- To do -
Exactly the lines below, starting with the one containing "Switch : Switch" and going on through the one containing "Mux/1 -> Fuzzy Logic Controller/1", must be reproduced, both ends included, and no pictures with them.

- Task material -
......

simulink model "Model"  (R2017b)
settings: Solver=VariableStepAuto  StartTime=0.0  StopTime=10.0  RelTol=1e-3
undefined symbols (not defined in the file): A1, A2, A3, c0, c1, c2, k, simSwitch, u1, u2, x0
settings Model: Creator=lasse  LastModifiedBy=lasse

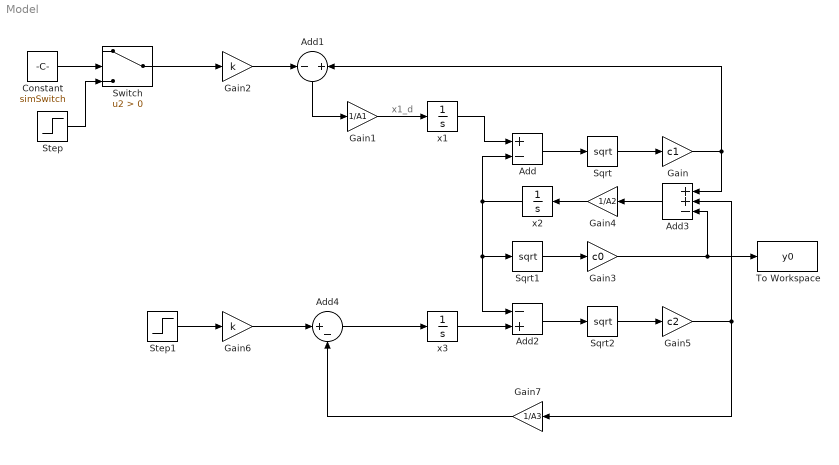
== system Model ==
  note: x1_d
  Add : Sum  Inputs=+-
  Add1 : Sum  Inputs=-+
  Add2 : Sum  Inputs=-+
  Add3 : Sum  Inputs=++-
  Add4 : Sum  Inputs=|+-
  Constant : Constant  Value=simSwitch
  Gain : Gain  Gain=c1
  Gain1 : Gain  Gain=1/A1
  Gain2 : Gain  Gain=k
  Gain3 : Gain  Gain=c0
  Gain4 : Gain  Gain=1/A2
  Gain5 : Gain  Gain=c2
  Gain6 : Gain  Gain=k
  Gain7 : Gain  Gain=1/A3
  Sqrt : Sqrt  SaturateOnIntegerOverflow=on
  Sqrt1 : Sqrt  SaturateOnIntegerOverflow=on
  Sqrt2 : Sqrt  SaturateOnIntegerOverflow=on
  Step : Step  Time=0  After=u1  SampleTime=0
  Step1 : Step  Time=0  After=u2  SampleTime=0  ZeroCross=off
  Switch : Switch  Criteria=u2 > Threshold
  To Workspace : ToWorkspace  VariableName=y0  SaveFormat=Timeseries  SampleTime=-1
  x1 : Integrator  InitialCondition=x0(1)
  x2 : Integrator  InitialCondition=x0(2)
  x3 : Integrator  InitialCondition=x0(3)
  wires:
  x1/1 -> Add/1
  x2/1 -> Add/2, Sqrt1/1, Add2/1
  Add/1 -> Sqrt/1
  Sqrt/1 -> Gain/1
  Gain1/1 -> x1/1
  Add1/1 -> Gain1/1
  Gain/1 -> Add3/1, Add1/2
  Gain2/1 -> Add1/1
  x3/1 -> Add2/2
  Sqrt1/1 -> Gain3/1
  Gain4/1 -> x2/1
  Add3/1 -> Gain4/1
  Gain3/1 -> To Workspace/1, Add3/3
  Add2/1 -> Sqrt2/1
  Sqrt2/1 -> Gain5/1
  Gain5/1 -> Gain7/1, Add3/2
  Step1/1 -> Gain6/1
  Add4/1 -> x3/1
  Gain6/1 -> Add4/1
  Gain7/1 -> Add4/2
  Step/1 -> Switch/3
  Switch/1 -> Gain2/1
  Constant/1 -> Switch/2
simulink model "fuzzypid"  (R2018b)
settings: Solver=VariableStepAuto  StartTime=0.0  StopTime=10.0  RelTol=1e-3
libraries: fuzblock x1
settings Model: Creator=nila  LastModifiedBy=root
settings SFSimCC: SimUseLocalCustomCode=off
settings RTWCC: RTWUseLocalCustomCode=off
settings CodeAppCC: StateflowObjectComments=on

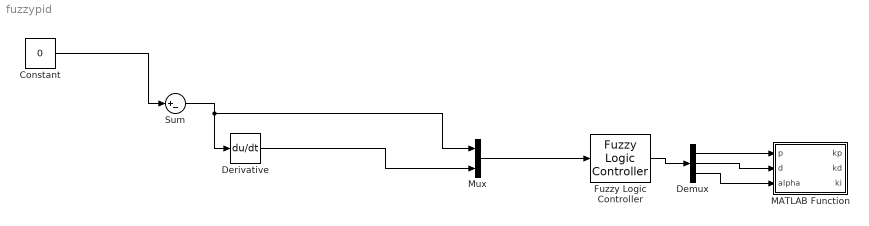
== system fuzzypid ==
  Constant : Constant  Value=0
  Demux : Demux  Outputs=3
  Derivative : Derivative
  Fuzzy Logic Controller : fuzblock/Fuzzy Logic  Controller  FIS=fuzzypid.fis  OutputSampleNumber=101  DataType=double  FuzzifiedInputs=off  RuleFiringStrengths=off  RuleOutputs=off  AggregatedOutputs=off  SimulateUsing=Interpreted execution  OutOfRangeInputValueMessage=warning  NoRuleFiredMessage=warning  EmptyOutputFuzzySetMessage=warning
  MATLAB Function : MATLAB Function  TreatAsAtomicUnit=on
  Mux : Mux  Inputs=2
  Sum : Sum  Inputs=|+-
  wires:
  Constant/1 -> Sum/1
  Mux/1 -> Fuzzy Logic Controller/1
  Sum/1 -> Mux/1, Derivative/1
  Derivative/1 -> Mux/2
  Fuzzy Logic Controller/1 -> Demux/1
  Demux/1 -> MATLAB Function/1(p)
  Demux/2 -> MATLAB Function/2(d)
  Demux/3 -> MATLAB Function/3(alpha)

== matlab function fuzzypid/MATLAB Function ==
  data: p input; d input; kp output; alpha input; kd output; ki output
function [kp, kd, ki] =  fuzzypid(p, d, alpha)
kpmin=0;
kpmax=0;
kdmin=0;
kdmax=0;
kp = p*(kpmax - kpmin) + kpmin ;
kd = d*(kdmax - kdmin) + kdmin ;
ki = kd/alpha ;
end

......

- Output of the exercise -
  Switch : Switch  Criteria=u2 > Threshold
  To Workspace : ToWorkspace  VariableName=y0  SaveFormat=Timeseries  SampleTime=-1
  x1 : Integrator  InitialCondition=x0(1)
  x2 : Integrator  InitialCondition=x0(2)
  x3 : Integrator  InitialCondition=x0(3)
  wires:
  x1/1 -> Add/1
  x2/1 -> Add/2, Sqrt1/1, Add2/1
  Add/1 -> Sqrt/1
  Sqrt/1 -> Gain/1
  Gain1/1 -> x1/1
  Add1/1 -> Gain1/1
  Gain/1 -> Add3/1, Add1/2
  Gain2/1 -> Add1/1
  x3/1 -> Add2/2
  Sqrt1/1 -> Gain3/1
  Gain4/1 -> x2/1
  Add3/1 -> Gain4/1
  Gain3/1 -> To Workspace/1, Add3/3
  Add2/1 -> Sqrt2/1
  Sqrt2/1 -> Gain5/1
  Gain5/1 -> Gain7/1, Add3/2
  Step1/1 -> Gain6/1
  Add4/1 -> x3/1
  Gain6/1 -> Add4/1
  Gain7/1 -> Add4/2
  Step/1 -> Switch/3
  Switch/1 -> Gain2/1
  Constant/1 -> Switch/2
simulink model "fuzzypid"  (R2018b)
settings: Solver=VariableStepAuto  StartTime=0.0  StopTime=10.0  RelTol=1e-3
libraries: fuzblock x1
settings Model: Creator=nila  LastModifiedBy=root
settings SFSimCC: SimUseLocalCustomCode=off
settings RTWCC: RTWUseLocalCustomCode=off
settings CodeAppCC: StateflowObjectComments=on

== system fuzzypid ==
  Constant : Constant  Value=0
  Demux : Demux  Outputs=3
  Derivative : Derivative
  Fuzzy Logic Controller : fuzblock/Fuzzy Logic  Controller  FIS=fuzzypid.fis  OutputSampleNumber=101  DataType=double  FuzzifiedInputs=off  RuleFiringStrengths=off  RuleOutputs=off  AggregatedOutputs=off  SimulateUsing=Interpreted execution  OutOfRangeInputValueMessage=warning  NoRuleFiredMessage=warning  EmptyOutputFuzzySetMessage=warning
  MATLAB Function : MATLAB Function  TreatAsAtomicUnit=on
  Mux : Mux  Inputs=2
  Sum : Sum  Inputs=|+-
  wires:
  Constant/1 -> Sum/1
  Mux/1 -> Fuzzy Logic Controller/1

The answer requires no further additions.